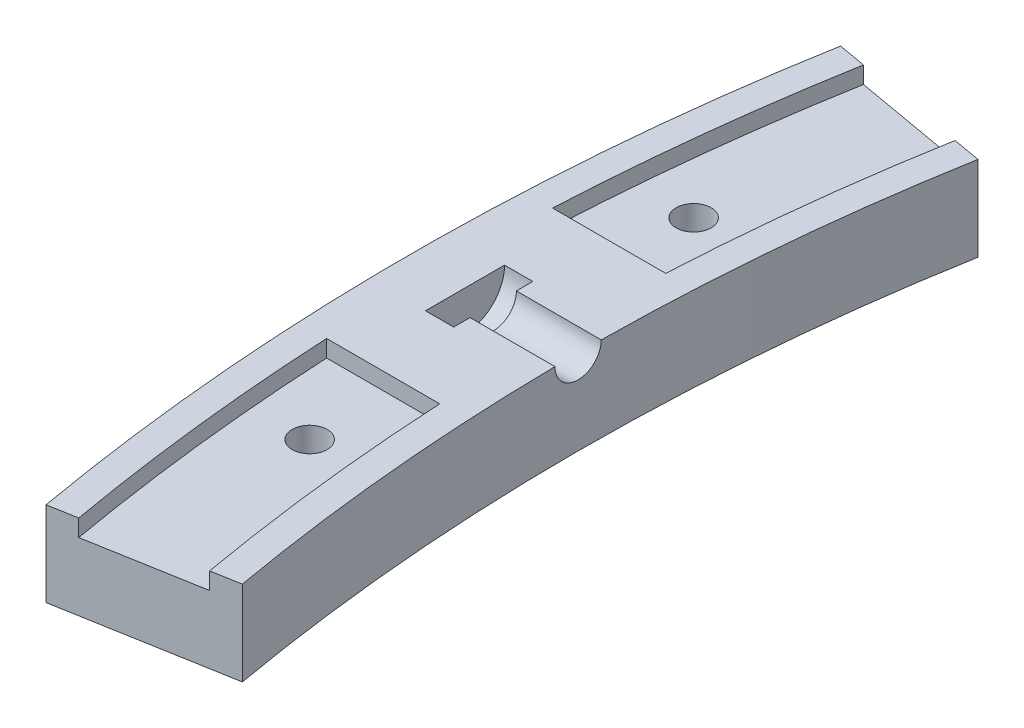
ISO-10303-21;
HEADER;
FILE_DESCRIPTION(('STEP AP214'),'2;1');
FILE_NAME('part.step','',(''),(''),'','','');
FILE_SCHEMA(('AUTOMOTIVE_DESIGN { 1 0 10303 214 1 1 1 1 }'));
ENDSEC;
DATA;
#1=APPLICATION_CONTEXT('core data for automotive mechanical design processes');
#2=APPLICATION_PROTOCOL_DEFINITION('international standard','automotive_design',2000,#1);
#3=PRODUCT_CONTEXT('',#1,'mechanical');
#4=PRODUCT('Part','Part','',(#3));
#5=PRODUCT_RELATED_PRODUCT_CATEGORY('part','',(#4));
#6=PRODUCT_DEFINITION_FORMATION('','',#4);
#7=PRODUCT_DEFINITION_CONTEXT('part definition',#1,'design');
#8=PRODUCT_DEFINITION('design','',#6,#7);
#9=PRODUCT_DEFINITION_SHAPE('','',#8);
#10=(LENGTH_UNIT() NAMED_UNIT(*) SI_UNIT(.MILLI.,.METRE.));
#11=(NAMED_UNIT(*) PLANE_ANGLE_UNIT() SI_UNIT($,.RADIAN.));
#12=(NAMED_UNIT(*) SI_UNIT($,.STERADIAN.) SOLID_ANGLE_UNIT());
#13=UNCERTAINTY_MEASURE_WITH_UNIT(LENGTH_MEASURE(1.E-05),#10,'distance_accuracy_value','');
#14=(GEOMETRIC_REPRESENTATION_CONTEXT(3) GLOBAL_UNCERTAINTY_ASSIGNED_CONTEXT((#13)) GLOBAL_UNIT_ASSIGNED_CONTEXT((#10,
#11,#12)) REPRESENTATION_CONTEXT('',''));
#15=CARTESIAN_POINT('',(0.,0.,0.));
#16=DIRECTION('',(0.,0.,1.));
#17=DIRECTION('',(1.,0.,0.));
#18=AXIS2_PLACEMENT_3D('',#15,#16,#17);
#19=CARTESIAN_POINT('',(0.,7.50000000000011,0.));
#20=DIRECTION('',(0.,1.00000000000001,0.));
#21=DIRECTION('',(0.,0.,1.00000000000005));
#22=AXIS2_PLACEMENT_3D('',#19,#20,#21);
#23=PLANE('',#22);
#24=DIRECTION('',(0.,0.,-1.00000000000005));
#25=VECTOR('',#24,1.);
#26=CARTESIAN_POINT('',(-195.000000000009,7.50000000000011,0.));
#27=LINE('',#26,#25);
#28=CARTESIAN_POINT('',(-195.000000000009,7.50000000000011,-2.05000000000012));
#29=VERTEX_POINT('',#28);
#30=CARTESIAN_POINT('',(-195.000000000009,7.50000000000011,-3.50000000000022));
#31=VERTEX_POINT('',#30);
#32=EDGE_CURVE('E160',#29,#31,#27,.T.);
#33=ORIENTED_EDGE('',*,*,#32,.F.);
#34=DIRECTION('',(-1.00000000000004,0.,0.));
#35=VECTOR('',#34,1.);
#36=CARTESIAN_POINT('',(-184.651453689793,7.50000000000011,-2.05000000000012));
#37=LINE('',#36,#35);
#38=CARTESIAN_POINT('',(-187.488792998413,7.50000000000011,-2.05000000000012));
#39=VERTEX_POINT('',#38);
#40=EDGE_CURVE('E48',#29,#39,#37,.F.);
#41=ORIENTED_EDGE('',*,*,#40,.T.);
#42=CARTESIAN_POINT('',(0.,7.50000000000011,0.));
#43=DIRECTION('',(0.,-1.00000000000001,0.));
#44=DIRECTION('',(0.,0.,1.00000000000005));
#45=AXIS2_PLACEMENT_3D('',#42,#43,#44);
#46=CIRCLE('',#45,187.5);
#47=CARTESIAN_POINT('',(-184.651453689793,7.50000000000011,-32.559033312551));
#48=VERTEX_POINT('',#47);
#49=EDGE_CURVE('E248',#39,#48,#46,.T.);
#50=ORIENTED_EDGE('',*,*,#49,.T.);
#51=DIRECTION('',(-0.984807753012244,0.,-0.173648177666936));
#52=VECTOR('',#51,1.);
#53=CARTESIAN_POINT('',(-199.423569984981,7.50000000000011,-35.1637559775549));
#54=LINE('',#53,#52);
#55=CARTESIAN_POINT('',(-187.113473072324,7.50000000000011,-32.9931537567183));
#56=VERTEX_POINT('',#55);
#57=EDGE_CURVE('E251',#48,#56,#54,.T.);
#58=ORIENTED_EDGE('',*,*,#57,.T.);
#59=CARTESIAN_POINT('',(0.,7.50000000000011,0.));
#60=DIRECTION('',(0.,1.00000000000001,0.));
#61=DIRECTION('',(0.,0.,1.00000000000005));
#62=AXIS2_PLACEMENT_3D('',#59,#60,#61);
#63=CIRCLE('',#62,190.);
#64=CARTESIAN_POINT('',(-189.736659610112,7.50000000000011,-10.0000000000003));
#65=VERTEX_POINT('',#64);
#66=EDGE_CURVE('E198',#56,#65,#63,.T.);
#67=ORIENTED_EDGE('',*,*,#66,.T.);
#68=DIRECTION('',(-1.00000000000004,0.,0.));
#69=VECTOR('',#68,1.);
#70=CARTESIAN_POINT('',(0.,7.50000000000011,-10.0000000000003));
#71=LINE('',#70,#69);
#72=CARTESIAN_POINT('',(-199.749843554391,7.50000000000011,-10.0000000000003));
#73=VERTEX_POINT('',#72);
#74=EDGE_CURVE('E189',#65,#73,#71,.T.);
#75=ORIENTED_EDGE('',*,*,#74,.T.);
#76=CARTESIAN_POINT('',(0.,7.50000000000011,0.));
#77=DIRECTION('',(0.,1.00000000000001,0.));
#78=DIRECTION('',(0.,0.,1.00000000000005));
#79=AXIS2_PLACEMENT_3D('',#76,#77,#78);
#80=CIRCLE('',#79,200.);
#81=CARTESIAN_POINT('',(-196.961550602451,7.50000000000011,-34.7296355333876));
#82=VERTEX_POINT('',#81);
#83=EDGE_CURVE('E201',#82,#73,#80,.T.);
#84=ORIENTED_EDGE('',*,*,#83,.F.);
#85=CARTESIAN_POINT('',(-199.423569984981,7.50000000000011,-35.1637559775549));
#86=VERTEX_POINT('',#85);
#87=EDGE_CURVE('E250',#82,#86,#54,.T.);
#88=ORIENTED_EDGE('',*,*,#87,.T.);
#89=CARTESIAN_POINT('',(0.,7.50000000000011,0.));
#90=DIRECTION('',(0.,1.00000000000001,0.));
#91=DIRECTION('',(0.,0.,1.00000000000005));
#92=AXIS2_PLACEMENT_3D('',#89,#90,#91);
#93=CIRCLE('',#92,202.5);
#94=CARTESIAN_POINT('',(-199.423569984981,7.50000000000011,35.163755977555));
#95=VERTEX_POINT('',#94);
#96=EDGE_CURVE('E240',#86,#95,#93,.T.);
#97=ORIENTED_EDGE('',*,*,#96,.T.);
#98=DIRECTION('',(0.984807753012244,0.,-0.173648177666936));
#99=VECTOR('',#98,1.);
#100=CARTESIAN_POINT('',(-184.651453689793,7.50000000000011,32.559033312551));
#101=LINE('',#100,#99);
#102=CARTESIAN_POINT('',(-196.961550602451,7.50000000000011,34.7296355333876));
#103=VERTEX_POINT('',#102);
#104=EDGE_CURVE('E245',#95,#103,#101,.T.);
#105=ORIENTED_EDGE('',*,*,#104,.T.);
#106=CARTESIAN_POINT('',(0.,7.50000000000011,0.));
#107=DIRECTION('',(0.,1.00000000000001,0.));
#108=DIRECTION('',(0.,0.,1.00000000000005));
#109=AXIS2_PLACEMENT_3D('',#106,#107,#108);
#110=CIRCLE('',#109,200.);
#111=CARTESIAN_POINT('',(-199.749843554391,7.50000000000011,10.0000000000004));
#112=VERTEX_POINT('',#111);
#113=EDGE_CURVE('E220',#112,#103,#110,.T.);
#114=ORIENTED_EDGE('',*,*,#113,.F.);
#115=DIRECTION('',(1.00000000000004,0.,0.));
#116=VECTOR('',#115,1.);
#117=CARTESIAN_POINT('',(0.,7.50000000000011,10.0000000000004));
#118=LINE('',#117,#116);
#119=CARTESIAN_POINT('',(-189.736659610112,7.50000000000011,10.0000000000004));
#120=VERTEX_POINT('',#119);
#121=EDGE_CURVE('E180',#112,#120,#118,.T.);
#122=ORIENTED_EDGE('',*,*,#121,.T.);
#123=CARTESIAN_POINT('',(0.,7.50000000000011,0.));
#124=DIRECTION('',(0.,1.00000000000001,0.));
#125=DIRECTION('',(0.,0.,1.00000000000005));
#126=AXIS2_PLACEMENT_3D('',#123,#124,#125);
#127=CIRCLE('',#126,190.);
#128=CARTESIAN_POINT('',(-187.113473072324,7.50000000000011,32.9931537567183));
#129=VERTEX_POINT('',#128);
#130=EDGE_CURVE('E177',#120,#129,#127,.T.);
#131=ORIENTED_EDGE('',*,*,#130,.T.);
#132=CARTESIAN_POINT('',(-184.651453689793,7.50000000000011,32.5590333125509));
#133=VERTEX_POINT('',#132);
#134=EDGE_CURVE('E243',#129,#133,#101,.T.);
#135=ORIENTED_EDGE('',*,*,#134,.T.);
#136=CARTESIAN_POINT('',(-187.488792998413,7.50000000000011,2.05000000000007));
#137=VERTEX_POINT('',#136);
#138=EDGE_CURVE('E155',#133,#137,#46,.T.);
#139=ORIENTED_EDGE('',*,*,#138,.T.);
#140=DIRECTION('',(-1.00000000000004,0.,0.));
#141=VECTOR('',#140,1.);
#142=CARTESIAN_POINT('',(-184.651453689793,7.50000000000011,2.05000000000007));
#143=LINE('',#142,#141);
#144=CARTESIAN_POINT('',(-195.000000000009,7.50000000000011,2.05000000000007));
#145=VERTEX_POINT('',#144);
#146=EDGE_CURVE('E146',#137,#145,#143,.T.);
#147=ORIENTED_EDGE('',*,*,#146,.T.);
#148=CARTESIAN_POINT('',(-195.000000000009,7.50000000000011,3.50000000000017));
#149=VERTEX_POINT('',#148);
#150=EDGE_CURVE('E153',#149,#145,#27,.T.);
#151=ORIENTED_EDGE('',*,*,#150,.F.);
#152=DIRECTION('',(1.00000000000004,0.,0.));
#153=VECTOR('',#152,1.);
#154=CARTESIAN_POINT('',(-197.500000000009,7.50000000000011,3.50000000000017));
#155=LINE('',#154,#153);
#156=CARTESIAN_POINT('',(-197.500000000009,7.50000000000011,3.50000000000017));
#157=VERTEX_POINT('',#156);
#158=EDGE_CURVE('E162',#157,#149,#155,.T.);
#159=ORIENTED_EDGE('',*,*,#158,.F.);
#160=DIRECTION('',(0.,0.,-1.00000000000005));
#161=VECTOR('',#160,1.);
#162=CARTESIAN_POINT('',(-197.500000000009,7.50000000000011,0.));
#163=LINE('',#162,#161);
#164=CARTESIAN_POINT('',(-197.500000000009,7.50000000000011,-3.50000000000022));
#165=VERTEX_POINT('',#164);
#166=EDGE_CURVE('E42',#157,#165,#163,.T.);
#167=ORIENTED_EDGE('',*,*,#166,.T.);
#168=DIRECTION('',(1.00000000000004,0.,0.));
#169=VECTOR('',#168,1.);
#170=CARTESIAN_POINT('',(-197.500000000009,7.50000000000011,-3.50000000000022));
#171=LINE('',#170,#169);
#172=EDGE_CURVE('E159',#31,#165,#171,.F.);
#173=ORIENTED_EDGE('',*,*,#172,.F.);
#174=EDGE_LOOP('',(#33,#41,#50,#58,#67,#75,#84,#88,#97,#105,#114,#122,#131,#135,#139,#147,#151,
#159,#167,#173));
#175=FACE_BOUND('',#174,.T.);
#176=ADVANCED_FACE('F34',(#175),#23,.T.);
#177=CARTESIAN_POINT('',(0.,7.50000000000011,0.));
#178=DIRECTION('',(0.,-1.00000000000001,0.));
#179=DIRECTION('',(0.,0.,-1.00000000000005));
#180=AXIS2_PLACEMENT_3D('',#177,#178,#179);
#181=CYLINDRICAL_SURFACE('',#180,187.5);
#182=CARTESIAN_POINT('',(-187.488792998413,7.50000000000011,2.05000000000007));
#183=CARTESIAN_POINT('',(-187.488792849281,7.44232711308553,2.04999961912121));
#184=CARTESIAN_POINT('',(-187.488819643224,7.38468185889424,2.0475646966342));
#185=CARTESIAN_POINT('',(-187.488925536575,7.26980385815491,2.03785081221489));
#186=CARTESIAN_POINT('',(-187.489004633468,7.2125710918987,2.03057208328557));
#187=CARTESIAN_POINT('',(-187.489317677698,7.04220079957593,2.00153837830414));
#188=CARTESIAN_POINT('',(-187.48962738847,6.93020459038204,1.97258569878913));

========

:: EXERCISE ::
Reproduce, without alteration and without pictures, only those lines that lie between the first line of the entries above and the line containing "#29=VERTEX_POINT('',#28);", both of them included.

:: ANSWER BOX ::
ISO-10303-21;
HEADER;
FILE_DESCRIPTION(('STEP AP214'),'2;1');
FILE_NAME('part.step','',(''),(''),'','','');
FILE_SCHEMA(('AUTOMOTIVE_DESIGN { 1 0 10303 214 1 1 1 1 }'));
ENDSEC;
DATA;
#1=APPLICATION_CONTEXT('core data for automotive mechanical design processes');
#2=APPLICATION_PROTOCOL_DEFINITION('international standard','automotive_design',2000,#1);
#3=PRODUCT_CONTEXT('',#1,'mechanical');
#4=PRODUCT('Part','Part','',(#3));
#5=PRODUCT_RELATED_PRODUCT_CATEGORY('part','',(#4));
#6=PRODUCT_DEFINITION_FORMATION('','',#4);
#7=PRODUCT_DEFINITION_CONTEXT('part definition',#1,'design');
#8=PRODUCT_DEFINITION('design','',#6,#7);
#9=PRODUCT_DEFINITION_SHAPE('','',#8);
#10=(LENGTH_UNIT() NAMED_UNIT(*) SI_UNIT(.MILLI.,.METRE.));
#11=(NAMED_UNIT(*) PLANE_ANGLE_UNIT() SI_UNIT($,.RADIAN.));
#12=(NAMED_UNIT(*) SI_UNIT($,.STERADIAN.) SOLID_ANGLE_UNIT());
#13=UNCERTAINTY_MEASURE_WITH_UNIT(LENGTH_MEASURE(1.E-05),#10,'distance_accuracy_value','');
#14=(GEOMETRIC_REPRESENTATION_CONTEXT(3) GLOBAL_UNCERTAINTY_ASSIGNED_CONTEXT((#13)) GLOBAL_UNIT_ASSIGNED_CONTEXT((#10,
#11,#12)) REPRESENTATION_CONTEXT('',''));
#15=CARTESIAN_POINT('',(0.,0.,0.));
#16=DIRECTION('',(0.,0.,1.));
#17=DIRECTION('',(1.,0.,0.));
#18=AXIS2_PLACEMENT_3D('',#15,#16,#17);
#19=CARTESIAN_POINT('',(0.,7.50000000000011,0.));
#20=DIRECTION('',(0.,1.00000000000001,0.));
#21=DIRECTION('',(0.,0.,1.00000000000005));
#22=AXIS2_PLACEMENT_3D('',#19,#20,#21);
#23=PLANE('',#22);
#24=DIRECTION('',(0.,0.,-1.00000000000005));
#25=VECTOR('',#24,1.);
#26=CARTESIAN_POINT('',(-195.000000000009,7.50000000000011,0.));
#27=LINE('',#26,#25);
#28=CARTESIAN_POINT('',(-195.000000000009,7.50000000000011,-2.05000000000012));
#29=VERTEX_POINT('',#28);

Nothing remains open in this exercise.